The periodic, almost periodic and almost automorphic solutions to differential equations can profoundly characterize the asymptotical behavior of the corresponding dynamic systems, which have received great attention by many scholars. The almost automorphic phenomenon is the most common one among these three kinds of phenomenon. This project is mainly focused upon new quasi-almost automorphic solutions to functional differential equations with their applications by integrated applications of theories of nonlinear analysis, stochastic analysis and quasi-almost automorphic functions et al. First, we shall introduce some new concepts of quasi-almost automorphic functions and establish completeness and ergodicity theorems in the space of such functions; Second, we shall make these new quasi-almost automorphic function spaces "functional change" and obtain their ergodicity theorems, then we investigate properties of quasi-almost automorphic solutions to some functional differential equations with typical application backgrounds, and get some new meaningful results. The results of this study will further improve and perfect the basic theory of almost automorphic functions, and also provide new ideas and methods for the resolvement of some practical problems.
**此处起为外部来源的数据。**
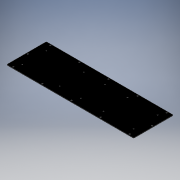
# Autodesk Inventor part: Enclosure2_RevB_Inner
Saved by Autodesk Inventor 2018 (Build 220112000, 112)
## iProperties
Created: 2018-06-27
Part Number: Enclosure2_RevB_Inner
Material: Aluminum 6061
Document SubType Name: Modeling
Designer: Rich
Density: 2.7 g/cm^3
Appearance: Anodized - Black
Author: Rich
Autodesk Inventor part; units mm, degrees
ref_plane "YZ Plane" through (0, 0, 0) normal (1, 0, 0) x (0, 1, 0)
ref_plane "XZ Plane" through (0, 0, 0) normal (0, 1, 0) x (-1, 0, 0)
ref_plane "XY Plane" through (0, 0, 0) normal (0, 0, 1) x (1, 0, 0)
sketch "Sketch4" plane through (0, 0, 0) normal (0, 1, 0) x (-1, 0, 0)
  line L0 (0, -101.6) -> (0, 0)
  line L1 (0, 0) -> (-406.4, 0)
  line L2 (-406.4, 0) -> (-406.4, -101.6)
  line L3 (-406.4, -101.6) -> (0, -101.6)
  circle A0 centre (-397.51, -92.71) radius 1.8986
  circle A1 centre (-292.1, -92.71) radius 1.8986
  circle A2 centre (-213.36, -92.71) radius 1.8986
  circle A3 centre (-139.7, -92.71) radius 1.8986
  circle A4 centre (-8.89, -8.89) radius 1.8986
  circle A5 centre (-381, -92.78) radius 1
  circle A6 centre (-381, -73.73) radius 1
  circle A7 centre (-381, -54.68) radius 1
  circle A8 centre (-381, -35.63) radius 1
  circle A9 centre (-381, -16.58) radius 1
  circle A10 centre (-355.6, -6.28) radius 1
  circle A11 centre (-355.6, -25.33) radius 1
  circle A12 centre (-355.6, -44.38) radius 1
  circle A13 centre (-355.6, -63.43) radius 1
  circle A14 centre (-355.6, -82.48) radius 1
  circle A15 centre (-330.2, -92.78) radius 1
  circle A16 centre (-330.2, -73.73) radius 1
  circle A17 centre (-330.2, -54.68) radius 1
  circle A18 centre (-330.2, -35.63) radius 1
  circle A19 centre (-330.2, -16.58) radius 1
  circle A20 centre (-279.4, -92.78) radius 1
  circle A21 centre (-279.4, -73.73) radius 1
  circle A22 centre (-279.4, -54.68) radius 1
  circle A23 centre (-279.4, -35.63) radius 1
  circle A24 centre (-279.4, -6.28) radius 1
  circle A25 centre (-177.8, -82.48) radius 1
  circle A26 centre (-177.8, -63.43) radius 1
  circle A27 centre (-177.8, -44.38) radius 1
  circle A28 centre (-177.8, -25.33) radius 1
  circle A29 centre (-177.8, -6.28) radius 1
  circle A30 centre (-152.4, -16.58) radius 1
  circle A31 centre (-152.4, -35.63) radius 1
  circle A32 centre (-152.4, -54.68) radius 1
  circle A33 centre (-152.4, -73.73) radius 1
  circle A34 centre (-152.4, -92.78) radius 1
  circle A35 centre (-127, -82.48) radius 1
  circle A36 centre (-127, -63.43) radius 1
  circle A37 centre (-127, -35.63) radius 1
  circle A38 centre (-127, -16.58) radius 1
  circle A39 centre (-76.2, -6.28) radius 1
  circle A40 centre (-76.2, -25.33) radius 1
  circle A41 centre (-76.2, -44.38) radius 1
  circle A42 centre (-76.2, -63.43) radius 1
  circle A43 centre (-76.2, -82.48) radius 1
  circle A44 centre (-382.6, -87.63) radius 0.85
  circle A45 centre (-382.6, -49.53) radius 0.85
  circle A46 centre (-382.6, -11.43) radius 0.85
  circle A47 centre (-357.2, -30.48) radius 0.85
  circle A48 centre (-357.2, -68.58) radius 0.85
  circle A49 centre (-331.8, -87.63) radius 0.85
  circle A50 centre (-331.8, -49.53) radius 0.85
  circle A51 centre (-331.8, -11.43) radius 0.85
  circle A52 centre (-281, -68.58) radius 0.85
  circle A53 centre (-281, -30.48) radius 0.85
  circle A54 centre (-179.4, -87.63) radius 0.85
  circle A55 centre (-179.4, -49.53) radius 0.85
  circle A56 centre (-179.4, -11.43) radius 0.85
  circle A57 centre (-154, -30.48) radius 0.85
  circle A58 centre (-154, -68.58) radius 0.85
  circle A59 centre (-128.6, -87.63) radius 0.85
  circle A60 centre (-128.6, -49.53) radius 0.85
  circle A61 centre (-128.6, -11.43) radius 0.85
  circle A62 centre (-77.8, -30.48) radius 0.85
  circle A63 centre (-77.8, -68.58) radius 0.85
  circle A64 centre (-394.145, -31.5) radius 0.6
  circle A65 centre (-394.145, -38.5) radius 0.6
  circle A66 centre (-394.145, -45.5) radius 0.6
  circle A67 centre (-394.145, -52.5) radius 0.6
  circle A68 centre (-394.145, -59.5) radius 0.6
  circle A69 centre (-394.145, -66.5) radius 0.6
  circle A70 centre (-19.25, -70) radius 0.6
  circle A71 centre (-19.25, -63) radius 0.6
  circle A72 centre (-19.25, -56) radius 0.6
  circle A73 centre (-19.25, -49) radius 0.6
  circle A74 centre (-19.25, -42) radius 0.6
  circle A75 centre (-19.25, -35) radius 0.6
  circle A76 centre (-214.63, -72.39) radius 0.4953
  circle A77 centre (-214.63, -67.31) radius 0.4953
  circle A78 centre (-214.63, -62.23) radius 0.4953
  circle A79 centre (-214.63, -57.15) radius 0.4953
  circle A80 centre (-214.63, -52.07) radius 0.4953
  circle A81 centre (-214.63, -46.99) radius 0.4953
  circle A82 centre (-214.63, -41.91) radius 0.4953
  circle A83 centre (-212.09, -39.37) radius 0.4953
  circle A84 centre (-212.09, -44.45) radius 0.4953
  circle A85 centre (-212.09, -49.53) radius 0.4953
  circle A86 centre (-212.09, -54.61) radius 0.4953
  circle A87 centre (-212.09, -59.69) radius 0.4953
  circle A88 centre (-212.09, -64.77) radius 0.4953
  circle A89 centre (-212.09, -69.85) radius 0.4953
  circle A90 centre (-212.09, -72.39) radius 0.4953
  circle A91 centre (-212.09, -67.31) radius 0.4953
  circle A92 centre (-212.09, -62.23) radius 0.4953
  circle A93 centre (-212.09, -57.15) radius 0.4953
  circle A94 centre (-212.09, -52.07) radius 0.4953
  circle A95 centre (-212.09, -46.99) radius 0.4953
  circle A96 centre (-212.09, -41.91) radius 0.4953
  circle A97 centre (-214.63, -39.37) radius 0.4953
  circle A98 centre (-214.63, -44.45) radius 0.4953
  circle A99 centre (-214.63, -49.53) radius 0.4953
  circle A100 centre (-214.63, -54.61) radius 0.4953
  circle A101 centre (-214.63, -59.69) radius 0.4953
  circle A102 centre (-214.63, -64.77) radius 0.4953
  circle A103 centre (-214.63, -69.85) radius 0.4953
  circle A104 centre (-19.25, -31.5) radius 0.6
  circle A105 centre (-19.25, -38.5) radius 0.6
  circle A106 centre (-19.25, -45.5) radius 0.6
  circle A107 centre (-19.25, -52.5) radius 0.6
  circle A108 centre (-19.25, -59.5) radius 0.6
  circle A109 centre (-19.25, -66.5) radius 0.6
  circle A110 centre (-394.145, -70) radius 0.6
  circle A111 centre (-394.145, -63) radius 0.6
  circle A112 centre (-394.145, -56) radius 0.6
  circle A113 centre (-394.145, -49) radius 0.6
  circle A114 centre (-394.145, -42) radius 0.6
  circle A115 centre (-394.145, -35) radius 0.6
  circle A116 centre (-77.8, -87.63) radius 0.85
  circle A117 centre (-77.8, -49.53) radius 0.85
  circle A118 centre (-77.8, -11.43) radius 0.85
  circle A119 centre (-128.6, -30.48) radius 0.85
  circle A120 centre (-128.6, -68.58) radius 0.85
  circle A121 centre (-154, -87.63) radius 0.85
  circle A122 centre (-154, -49.53) radius 0.85
  circle A123 centre (-154, -11.43) radius 0.85
  circle A124 centre (-179.4, -30.48) radius 0.85
  circle A125 centre (-179.4, -68.58) radius 0.85
  circle A126 centre (-281, -11.43) radius 0.85
  circle A127 centre (-281, -49.53) radius 0.85
  circle A128 centre (-281, -87.63) radius 0.85
  circle A129 centre (-331.8, -30.48) radius 0.85
  circle A130 centre (-331.8, -68.58) radius 0.85
  circle A131 centre (-357.2, -87.63) radius 0.85
  circle A132 centre (-357.2, -49.53) radius 0.85
  circle A133 centre (-357.2, -11.43) radius 0.85
  circle A134 centre (-382.6, -30.48) radius 0.85
  circle A135 centre (-382.6, -68.58) radius 0.85
  circle A136 centre (-76.2, -92.78) radius 1
  circle A137 centre (-76.2, -73.73) radius 1
  circle A138 centre (-76.2, -54.68) radius 1
  circle A139 centre (-76.2, -35.63) radius 1
  circle A140 centre (-76.2, -16.58) radius 1
  circle A141 centre (-127, -6.28) radius 1
  circle A142 centre (-127, -25.33) radius 1
  circle A143 centre (-127, -44.38) radius 1
  circle A144 centre (-127, -73.73) radius 1
  circle A145 centre (-127, -92.78) radius 1
  circle A146 centre (-152.4, -82.48) radius 1
  circle A147 centre (-152.4, -63.43) radius 1
  circle A148 centre (-152.4, -44.38) radius 1
  circle A149 centre (-152.4, -25.33) radius 1
  circle A150 centre (-152.4, -6.28) radius 1
  circle A151 centre (-177.8, -16.58) radius 1
  circle A152 centre (-177.8, -35.63) radius 1
  circle A153 centre (-177.8, -54.68) radius 1
  circle A154 centre (-177.8, -73.73) radius 1
  circle A155 centre (-177.8, -92.78) radius 1
  circle A156 centre (-279.4, -16.58) radius 1
  circle A157 centre (-279.4, -44.38) radius 1
  circle A158 centre (-279.4, -63.43) radius 1
  circle A159 centre (-279.4, -82.48) radius 1
  circle A160 centre (-330.2, -6.28) radius 1
  circle A161 centre (-330.2, -25.33) radius 1
  circle A162 centre (-330.2, -44.38) radius 1
  circle A163 centre (-330.2, -63.43) radius 1
  circle A164 centre (-330.2, -82.48) radius 1
  circle A165 centre (-355.6, -92.78) radius 1
  circle A166 centre (-355.6, -73.73) radius 1
  circle A167 centre (-355.6, -54.68) radius 1
  circle A168 centre (-355.6, -35.63) radius 1
  circle A169 centre (-355.6, -16.58) radius 1
  circle A170 centre (-381, -6.28) radius 1
  circle A171 centre (-381, -25.33) radius 1
  circle A172 centre (-381, -44.38) radius 1
  circle A173 centre (-381, -63.43) radius 1
  circle A174 centre (-381, -82.48) radius 1
  circle A175 centre (-279.4, -25.33) radius 1
  circle A176 centre (-8.89, -92.71) radius 1.8986
  circle A177 centre (-139.7, -8.89) radius 1.8986
  circle A178 centre (-213.36, -8.89) radius 1.8986
  circle A179 centre (-292.1, -8.89) radius 1.8986
  circle A180 centre (-397.51, -8.89) radius 1.8986
  constraints: 181 centre point, 8 end point
sketch "Sketch5" plane through (0, 0, 0) normal (0, 1, 0) x (-1, 0, 0)
  line L0 (-406.4, -101.6) -> (0, -101.6) construction
  line L1 (0, -101.6) -> (0, 0) construction
  line L2 (0, 0) -> (-406.4, 0) construction
  line L3 (-406.4, 0) -> (-406.4, -101.6) construction
  line L4 (-203.2, -101.6) -> (-203.2, 0) construction
  line L5 (0, -50.8) -> (-406.4, -50.8) construction
  line L6 (18.415, -120.015) -> (-424.815, -120.015)
  line L7 (-424.815, -120.015) -> (-424.815, 18.415)
  line L8 (-424.815, 18.415) -> (18.415, 18.415)
  line L9 (18.415, 18.415) -> (18.415, -120.015)
  line L10 (18.415, -120.015) -> (-424.815, 18.415) construction
  line L11 (-424.815, -120.015) -> (18.415, 18.415) construction
  point P0 (-203.2, -50.8)
  dimension "d22" = 443.23
  dimension "d23" = 138.43
  constraints: 16 end point, 7 midpoint, 2 parallel, 1 horizontal, 1 perpendicular
  measures "d22" distance of L6.start L6.end
  measures "d23" distance of L8.end L6.start
extrude "Extrusion3" add sketch "Sketch5" along normal blind 1.5748
sketch "Sketch6" plane through (0, 1.5748, 0) normal (0, 1, 0) x (1, 0, 0)
  circle A0 centre (8.89, 92.71) radius 1.8986 construction
  circle A1 centre (8.89, 8.89) radius 1.8986 construction
  circle A2 centre (139.7, 8.89) radius 1.8986 construction
  circle A3 centre (139.7, 92.71) radius 1.8986 construction
  circle A4 centre (213.36, 92.71) radius 1.8986 construction
  circle A5 centre (213.36, 8.89) radius 1.8986 construction
  circle A6 centre (292.1, 8.89) radius 1.8986 construction
  circle A7 centre (292.1, 92.71) radius 1.8986 construction
  circle A8 centre (397.51, 92.71) radius 1.8986 construction
  circle A9 centre (397.51, 8.89) radius 1.8986 construction
  circle A10 centre (8.89, 8.89) radius 1.7526
  circle A11 centre (8.89, 92.71) radius 1.7526
  circle A12 centre (139.7, 8.89) radius 1.7526
  circle A13 centre (139.7, 92.71) radius 1.7526
  circle A14 centre (213.36, 92.71) radius 1.7526
  circle A15 centre (213.36, 8.89) radius 1.7526
  circle A16 centre (292.1, 8.89) radius 1.8986
  circle A17 centre (292.1, 92.71) radius 1.8986
  circle A18 centre (397.51, 92.71) radius 1.8986
  circle A19 centre (397.51, 8.89) radius 1.8986
  point P0 (0, 0)
  dimension "d26" = 3.5052
  constraints: 10 centre point, 10 coincident, 9 equal radius
  measures "d26" diameter of A10
extrude "Extrusion4" cut sketch "Sketch6" against normal blind 1.5748
sketch "Sketch7" plane through (0, 1.5748, 0) normal (0, 1, 0) x (1, 0, 0)
  line L0 (-18.415, -18.415) -> (-18.415, 120.015) construction
  line L1 (-18.415, 50.8) -> (424.815, 50.8) construction
  line L2 (424.815, 120.015) -> (424.815, -18.415) construction
  line L3 (424.815, -18.415) -> (-18.415, -18.415) construction
  line L4 (203.2, -18.415) -> (203.2, 120.015) construction
  line L5 (-18.415, 120.015) -> (424.815, 120.015) construction
  circle A0 centre (-13.6525, 50.8) radius 1.7526
  circle A1 centre (420.0525, 50.8) radius 1.7526
  circle A2 centre (0, -13.6525) radius 1.7526
  circle A3 centre (101.6, -13.6525) radius 1.7526
  circle A4 centre (203.2, -13.6525) radius 1.7526
  circle A5 centre (304.8, -13.6525) radius 1.7526
  circle A6 centre (406.4, -13.6525) radius 1.7526
  circle A7 centre (0, 115.2525) radius 1.7526
  circle A8 centre (101.6, 115.2525) radius 1.7526
  circle A9 centre (203.2, 115.2525) radius 1.7526
  circle A10 centre (304.8, 115.2525) radius 1.7526
  circle A11 centre (406.4, 115.2525) radius 1.7526
  circle A12 centre (8.89, 8.89) radius 1.7526 projected
  point P0 (0, 0)
  dimension "d31" = 101.6
  dimension "d34" = 128.905
  dimension "d45" = 433.705
  constraints: 12 centre point, 4 end point, 4 midpoint, 2 equal radius, 2 point on line, 1 horizontal, 1 vertical, 21 other
  measures "d31" distance of A2.centre A3.centre
  measures "d34" distance of A2.centre A7.centre
  measures "d45" distance of A0.centre A1.centre
extrude "Extrusion5" cut sketch "Sketch7" against normal blind 1.5748 contours A0 | A1 | A2 | A3 | A4 | A5 | A6 | A7 | A8 | A9 | A10 | A11
chamfer "Chamfer4" distance 0.635 angle 45 12 edges at (-1.7526, 1.5748, 13.6525) (-15.4051, 1.5748, -50.8) (-1.7526, 1.5748, -115.2525) (99.8474, 1.5748, -115.2525) (99.8474, 1.5748, 13.6525) (201.4474, 1.5748, 13.6525) (201.4474, 1.5748, -115.2525) (303.0474, 1.5748, -115.2525) (404.6474, 1.5748, -115.2525) (418.2999, 1.5748, -50.8) (404.6474, 1.5748, 13.6525) (303.0474, 1.5748, 13.6525)
fillet "Fillet1" radius 3.175 4 edges at (424.815, 0.7874, 18.415) (424.815, 0.7874, -120.015) (-18.415, 0.7874, -120.015) (-18.415, 0.7874, 18.415)
body "Solid2"

微分方程的周期解、概周期解以及概自守解可以深刻地刻画相应动力系统的渐近行为,一直受到众多学者的高度重视.其中, 概自守现象则是三种现象中最普遍的一种. 本项目拟综合应用非线性分析、随机分析和拟概自守函数等理论来研究泛函微分方程新拟概自守解及其应用. 首先提出一些新的拟概自守函数的概念, 建立其函数空间的完备性和遍历性; 其次将这些新拟概自守函数空间进行"泛函化", 得到其相应"泛函化"的遍历性结果, 进而研究一些具有典型应用背景的泛函微分方程拟概自守解的性质, 得到一些新的有意义的结果; 这些研究成果将进一步改进和完善概自守函数的基本理论, 也为某些实际问题的解决提供新的思路和方法.

微分方程的周期解、概周期解以及概自守解可以深刻地刻画相应动力系统的渐近行为，一直受到众多学者的高度重视。其中，概自守现象则是三种现象中最普遍的一种。本项目综合应用了非线性分析、随机分析和拟概自守函数等理论来研究泛函微分方程新拟概自守解及其应用。首先提出了一些新的拟概自守函数的概念, 建立了其函数空间的完备性和遍历性; 其次将这些新拟概自守函数空间进行“泛函化”, 得到其相应“泛函化”的遍历性结果, 进而获得一些具有典型应用背景的泛函微分方程拟概自守解的存在性；分数阶微积分被视为刻画长时记忆过程最有效率的工具之一，本项目针对一类(1,2)阶退化分数阶发展方程，引入了一类分数阶预解算子族，讨论了此类算子族的连续性和紧性，进而获得了此类退化分数阶发展方程驱动系统的近似可控性、最优控制问题及集值问题的可解性。